What you should do - I'd like the listing below copied exactly, with the images left out.

Exercise material -

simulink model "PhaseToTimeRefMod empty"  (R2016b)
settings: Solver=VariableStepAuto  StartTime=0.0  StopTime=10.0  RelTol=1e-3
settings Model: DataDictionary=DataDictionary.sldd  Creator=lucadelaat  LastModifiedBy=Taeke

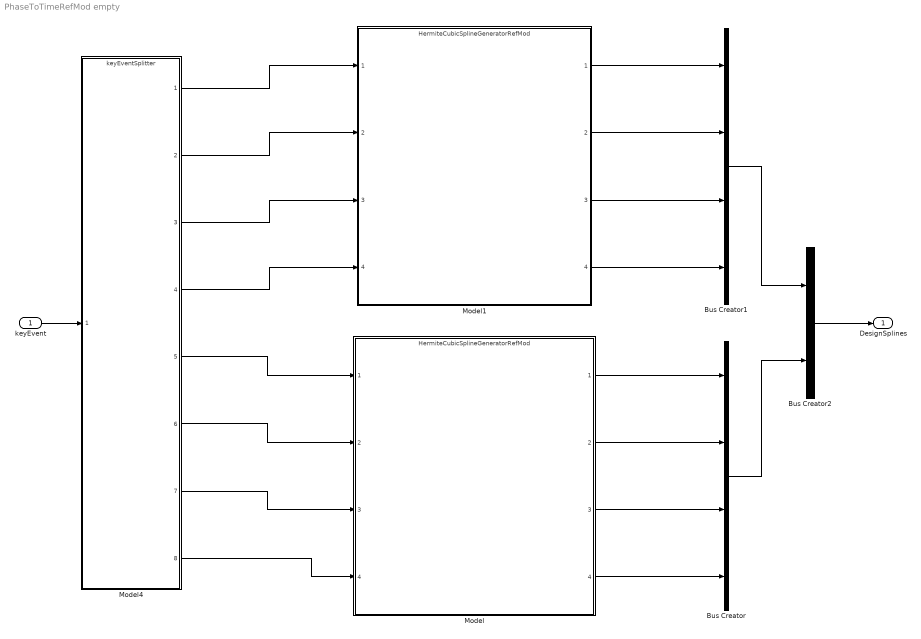
== system PhaseToTimeRefMod empty ==
  keyEvent : Inport  OutDataTypeStr=Bus: keyEventTotal  BusOutputAsStruct=on
  Bus Creator : BusCreator  Inputs=4
  Bus Creator1 : BusCreator  Inputs=4
  Bus Creator2 : BusCreator  Inputs=2
  Model : ModelReference  ModelNameDialog=HermiteCubicSplineGeneratorRefMod.slx  SimulationMode=Normal  ModelReferenceVersion=1.17
  Model1 : ModelReference  ModelNameDialog=HermiteCubicSplineGeneratorRefMod.slx  SimulationMode=Normal  ModelReferenceVersion=1.17
  Model4 : ModelReference  ModelNameDialog=keyEventSplitter.slx  SimulationMode=Normal  ModelReferenceVersion=1.3
  DesignSplines : Outport  OutDataTypeStr=Bus: designSplineTotal
  wires:
  Model4/3 -> Model1/3
  Model4/4 -> Model1/4
  Model4/6 -> Model/2
  Model4/7 -> Model/3
  Model4/8 -> Model/4
  Model4/2 -> Model1/2
  Model4/1 -> Model1/1
  Model4/5 -> Model/1
  keyEvent/1 -> Model4/1
  Model/1 -> Bus Creator/1
  Model/4 -> Bus Creator/4
  Model/3 -> Bus Creator/3
  Model/2 -> Bus Creator/2
  Model1/1 -> Bus Creator1/1
  Model1/3 -> Bus Creator1/3
  Model1/4 -> Bus Creator1/4
  Model1/2 -> Bus Creator1/2
  Bus Creator1/1 -> Bus Creator2/1
  Bus Creator/1 -> Bus Creator2/2
  Bus Creator2/1 -> DesignSplines/1

Answer for the task -
simulink model "PhaseToTimeRefMod empty"  (R2016b)
settings: Solver=VariableStepAuto  StartTime=0.0  StopTime=10.0  RelTol=1e-3
settings Model: DataDictionary=DataDictionary.sldd  Creator=lucadelaat  LastModifiedBy=Taeke

== system PhaseToTimeRefMod empty ==
  keyEvent : Inport  OutDataTypeStr=Bus: keyEventTotal  BusOutputAsStruct=on
  Bus Creator : BusCreator  Inputs=4
  Bus Creator1 : BusCreator  Inputs=4
  Bus Creator2 : BusCreator  Inputs=2
  Model : ModelReference  ModelNameDialog=HermiteCubicSplineGeneratorRefMod.slx  SimulationMode=Normal  ModelReferenceVersion=1.17
  Model1 : ModelReference  ModelNameDialog=HermiteCubicSplineGeneratorRefMod.slx  SimulationMode=Normal  ModelReferenceVersion=1.17
  Model4 : ModelReference  ModelNameDialog=keyEventSplitter.slx  SimulationMode=Normal  ModelReferenceVersion=1.3
  DesignSplines : Outport  OutDataTypeStr=Bus: designSplineTotal
  wires:
  Model4/3 -> Model1/3
  Model4/4 -> Model1/4
  Model4/6 -> Model/2
  Model4/7 -> Model/3
  Model4/8 -> Model/4
  Model4/2 -> Model1/2
  Model4/1 -> Model1/1
  Model4/5 -> Model/1
  keyEvent/1 -> Model4/1
  Model/1 -> Bus Creator/1
  Model/4 -> Bus Creator/4
  Model/3 -> Bus Creator/3
  Model/2 -> Bus Creator/2
  Model1/1 -> Bus Creator1/1
  Model1/3 -> Bus Creator1/3
  Model1/4 -> Bus Creator1/4
  Model1/2 -> Bus Creator1/2
  Bus Creator1/1 -> Bus Creator2/1
  Bus Creator/1 -> Bus Creator2/2
  Bus Creator2/1 -> DesignSplines/1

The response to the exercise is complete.